**How to complete this task:**
Two lines in the data below mark the range: the one with "wall to Corner_Class_1_Pod_3_ZN_1_FLR_1" and the one with "wall to Mech_ZN_1_FLR_2". Return both, along with every line between them, exactly.

**Provided data:**
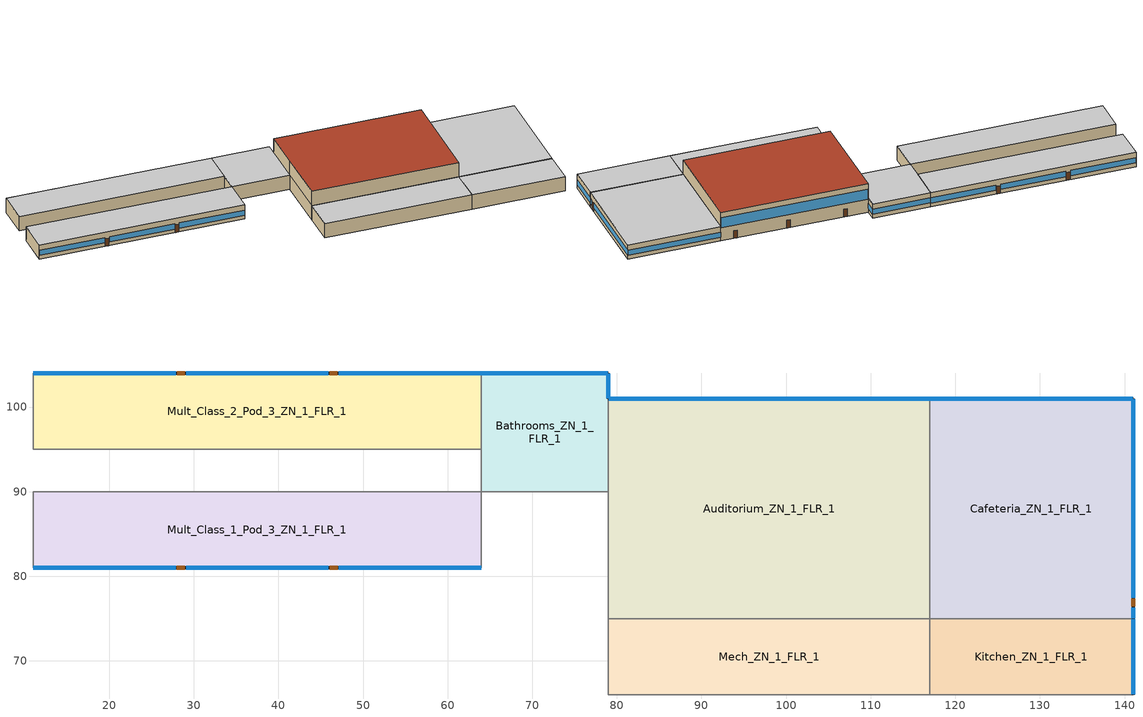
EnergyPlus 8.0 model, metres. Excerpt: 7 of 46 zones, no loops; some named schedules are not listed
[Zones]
Mult_Class_1_Pod_3_ZN_1_FLR_1
 floor ground (ext_slab_6in_with_carpet): 11,90 64,90 64,81 11,81 z0
 wall outside (nonres_ext_wall): 11,81 64,81 z0:4
 wall to Main_Corridor_ZN_1_FLR_1 (int_wall): 64,81 64,90 z0:4
 wall to Corridor_Pod_3_ZN_1_FLR_1 (int_wall): 64,90 11,90 z0:4
 wall to Corner_Class_1_Pod_3_ZN_1_FLR_1 (int_wall): 11,90 11,81 z0:4
 window (Window_U_0.40_SHGC_0.38): 11.05,81 27.87,81 / 29.09,81 45.91,81 / 47.13,81 63.95,81 z1.03:2.5
 door (Swinging Door_con): 28.01,81 28.93,81 / 46.08,81 47,81 z0:2.13
 ceiling to Mult_Class_1_Pod_3_ZN_1_FLR_2 (int_slab_ceiling): 11,81 64,81 64,90 11,90 z4
Mult_Class_2_Pod_3_ZN_1_FLR_1
 floor ground (ext_slab_6in_with_carpet): 11,104 64,104 64,95 11,95 z0
 wall outside (nonres_ext_wall): 64,104 11,104 z0:4
 wall to Corridor_Pod_3_ZN_1_FLR_1 (int_wall): 11,95 64,95 z0:4
 wall to Bathrooms_ZN_1_FLR_1 (int_wall): 64,95 64,104 z0:4
 wall to Corner_Class_2_Pod_3_ZN_1_FLR_1 (int_wall): 11,104 11,95 z0:4
 window (Window_U_0.40_SHGC_0.38): 63.95,104 47.13,104 / 27.87,104 11.05,104 / 45.91,104 29.09,104 z1.03:2.5
 door (Swinging Door_con): 46.96,104 46.05,104 / 28.94,104 28.02,104 z0:2.13
 ceiling to Mult_Class_2_Pod_3_ZN_1_FLR_2 (int_slab_ceiling): 11,95 64,95 64,104 11,104 z4
Bathrooms_ZN_1_FLR_1
 floor ground (ext_slab_6in_with_carpet): 64,104 79,104 79,90 64,90 z0
 wall outside (nonres_ext_wall): 79,101 79,104 64,104 z0:4
 wall to Main_Corridor_ZN_1_FLR_1 (int_wall): 64,90 79,90 z0:4
 wall to Auditorium_ZN_1_FLR_1 (nonres_ext_wall): 79,90 79,101 z0:4
 wall to Corridor_Pod_3_ZN_1_FLR_1 (int_wall): 64,95 64,90 z0:4
 window (Window_U_0.40_SHGC_0.38): 79,101.05 79,103.95 z1.1:2.55; 78.95,104 64.05,104 z1.1:2.51
 ceiling to Bathrooms_ZN_1_FLR_2 (int_slab_ceiling): 64,90 79,90 79,104 64,104 z4
Auditorium_ZN_1_FLR_1
 floor ground (ext_slab_6in_with_carpet): 79,101 117,101 117,75 79,75 z0
 wall outside (nonres_ext_wall): 117,101 79,101 z0:8
 wall to Mech_ZN_1_FLR_1 (int_wall): 79,75 117,75 z0:4
 wall to Cafeteria_ZN_1_FLR_1 (int_wall): 117,75 117,101 z0:4
 wall to Main_Corridor_ZN_1_FLR_1 (nonres_ext_wall): 79,90 79,75 z0:4
 wall to Mech_ZN_1_FLR_2 (int_wall): 79,75 117,75 z4:8
 wall to LIBRARY_MEDIA_CENTER_ZN_1_FLR_2 (int_wall): 117,75 117,101 z4:8
 wall to Main_Corridor_ZN_1_FLR_2 (nonres_ext_wall): 79,90 79,75 z4:8
 wall to Bathrooms_ZN_1_FLR_2 (nonres_ext_wall): 79,101 79,90 z4:8
 window (Window_U_0.40_SHGC_0.38): 116.95,101 79.05,101 z3.7:6.5
 door (Swinging Door_con): 113.7,101 112.78,101 / 100,101 99.09,101 / 85.25,101 84.33,101 z0:2.13
 roof outside (nonres_roof): 79,75 117,75 117,101 79,101 z8
Kitchen_ZN_1_FLR_1
 floor ground (ext_slab_6in_with_carpet): 117,75 141,75 141,66 117,66 z0
 wall outside (nonres_ext_wall): 141,66 141,75 z0:4
 wall to Aux_Gym_ZN_1_FLR_1 (int_wall): 117,66 141,66 z0:4
 wall to Cafeteria_ZN_1_FLR_1 (int_wall): 141,75 117,75 z0:4
 wall to Mech_ZN_1_FLR_1 (int_wall): 117,75 117,66 z0:4
 window (Window_U_0.40_SHGC_0.38): 141,66.05 141,74.95 z1.1:2.52
 ceiling to LIBRARY_MEDIA_CENTER_ZN_1_FLR_2 (int_slab_ceiling): 117,66 141,66 141,75 117,75 z4
Cafeteria_ZN_1_FLR_1
 floor ground (ext_slab_6in_with_carpet): 117,101 141,101 141,75 117,75 z0
 wall outside (nonres_ext_wall): 141,75 141,101 117,101 z0:4
 window (Window_U_0.40_SHGC_0.38): 141,77.49 141,100.95 / 141,75.05 141,76.27 z1.03:2.51; 140.95,101 117.05,101 z1.1:2.51
 door (Swinging Door_con): 141,76.45 141,77.36 z0:2.13
 ceiling to LIBRARY_MEDIA_CENTER_ZN_1_FLR_2 (int_slab_ceiling): 117,75 141,75 141,101 117,101 z4
Mech_ZN_1_FLR_1
 floor ground (ext_slab_6in_with_carpet): 79,75 117,75 117,66 79,66 z0
 wall to Gym_ZN_1_FLR_1 (int_wall): 79,66 117,66 z0:4
 wall to Main_Corridor_ZN_1_FLR_1 (int_wall): 79,75 79,66 z0:4
 ceiling to Mech_ZN_1_FLR_2 (int_slab_ceiling): 79,66 117,66 117,75 79,75 z4
[Building]
Secondary School: North Axis {deg}=0; Terrain=City; Loads Convergence Tolerance Value=0.04; Temperature Convergence Tolerance Value {deltaC}=0.2; Solar Distribution=FullInteriorAndExterior; Maximum Number of Warmup Days=25; Minimum Number of Warmup Days=6
[Site:Location]
Site:Location=Denver-Aurora-Buckley.AFB_CO_USA WMO=724695; Latitude {N+ S-}=39.72; Longitude {W- E+}=-104.75; Time Zone Relative to GMT {GMT+/-}=-7; Elevation {m}=1726
[SizingPeriod:DesignDay] Day of Month=21; Dry-Bulb Temperature Range Modifier Type=DefaultMultipliers; Humidity Condition Type=Wetbulb; Barometric Pressure {Pa}=82237; Rain {Yes/No}=No; Snow on ground {Yes/No}=No; Daylight Savings Time Indicator=No
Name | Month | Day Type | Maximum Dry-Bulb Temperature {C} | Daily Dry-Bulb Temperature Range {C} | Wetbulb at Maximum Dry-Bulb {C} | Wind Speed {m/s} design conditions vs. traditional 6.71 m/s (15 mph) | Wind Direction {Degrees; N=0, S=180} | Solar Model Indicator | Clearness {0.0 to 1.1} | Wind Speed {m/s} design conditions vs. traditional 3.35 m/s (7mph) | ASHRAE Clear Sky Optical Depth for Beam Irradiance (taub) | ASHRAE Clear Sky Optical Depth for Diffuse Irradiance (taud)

**Output below:**
 wall to Corner_Class_1_Pod_3_ZN_1_FLR_1 (int_wall): 11,90 11,81 z0:4
 window (Window_U_0.40_SHGC_0.38): 11.05,81 27.87,81 / 29.09,81 45.91,81 / 47.13,81 63.95,81 z1.03:2.5
 door (Swinging Door_con): 28.01,81 28.93,81 / 46.08,81 47,81 z0:2.13
 ceiling to Mult_Class_1_Pod_3_ZN_1_FLR_2 (int_slab_ceiling): 11,81 64,81 64,90 11,90 z4
Mult_Class_2_Pod_3_ZN_1_FLR_1
 floor ground (ext_slab_6in_with_carpet): 11,104 64,104 64,95 11,95 z0
 wall outside (nonres_ext_wall): 64,104 11,104 z0:4
 wall to Corridor_Pod_3_ZN_1_FLR_1 (int_wall): 11,95 64,95 z0:4
 wall to Bathrooms_ZN_1_FLR_1 (int_wall): 64,95 64,104 z0:4
 wall to Corner_Class_2_Pod_3_ZN_1_FLR_1 (int_wall): 11,104 11,95 z0:4
 window (Window_U_0.40_SHGC_0.38): 63.95,104 47.13,104 / 27.87,104 11.05,104 / 45.91,104 29.09,104 z1.03:2.5
 door (Swinging Door_con): 46.96,104 46.05,104 / 28.94,104 28.02,104 z0:2.13
 ceiling to Mult_Class_2_Pod_3_ZN_1_FLR_2 (int_slab_ceiling): 11,95 64,95 64,104 11,104 z4
Bathrooms_ZN_1_FLR_1
 floor ground (ext_slab_6in_with_carpet): 64,104 79,104 79,90 64,90 z0
 wall outside (nonres_ext_wall): 79,101 79,104 64,104 z0:4
 wall to Main_Corridor_ZN_1_FLR_1 (int_wall): 64,90 79,90 z0:4
 wall to Auditorium_ZN_1_FLR_1 (nonres_ext_wall): 79,90 79,101 z0:4
 wall to Corridor_Pod_3_ZN_1_FLR_1 (int_wall): 64,95 64,90 z0:4
 window (Window_U_0.40_SHGC_0.38): 79,101.05 79,103.95 z1.1:2.55; 78.95,104 64.05,104 z1.1:2.51
 ceiling to Bathrooms_ZN_1_FLR_2 (int_slab_ceiling): 64,90 79,90 79,104 64,104 z4
Auditorium_ZN_1_FLR_1
 floor ground (ext_slab_6in_with_carpet): 79,101 117,101 117,75 79,75 z0
 wall outside (nonres_ext_wall): 117,101 79,101 z0:8
 wall to Mech_ZN_1_FLR_1 (int_wall): 79,75 117,75 z0:4
 wall to Cafeteria_ZN_1_FLR_1 (int_wall): 117,75 117,101 z0:4
 wall to Main_Corridor_ZN_1_FLR_1 (nonres_ext_wall): 79,90 79,75 z0:4
 wall to Mech_ZN_1_FLR_2 (int_wall): 79,75 117,75 z4:8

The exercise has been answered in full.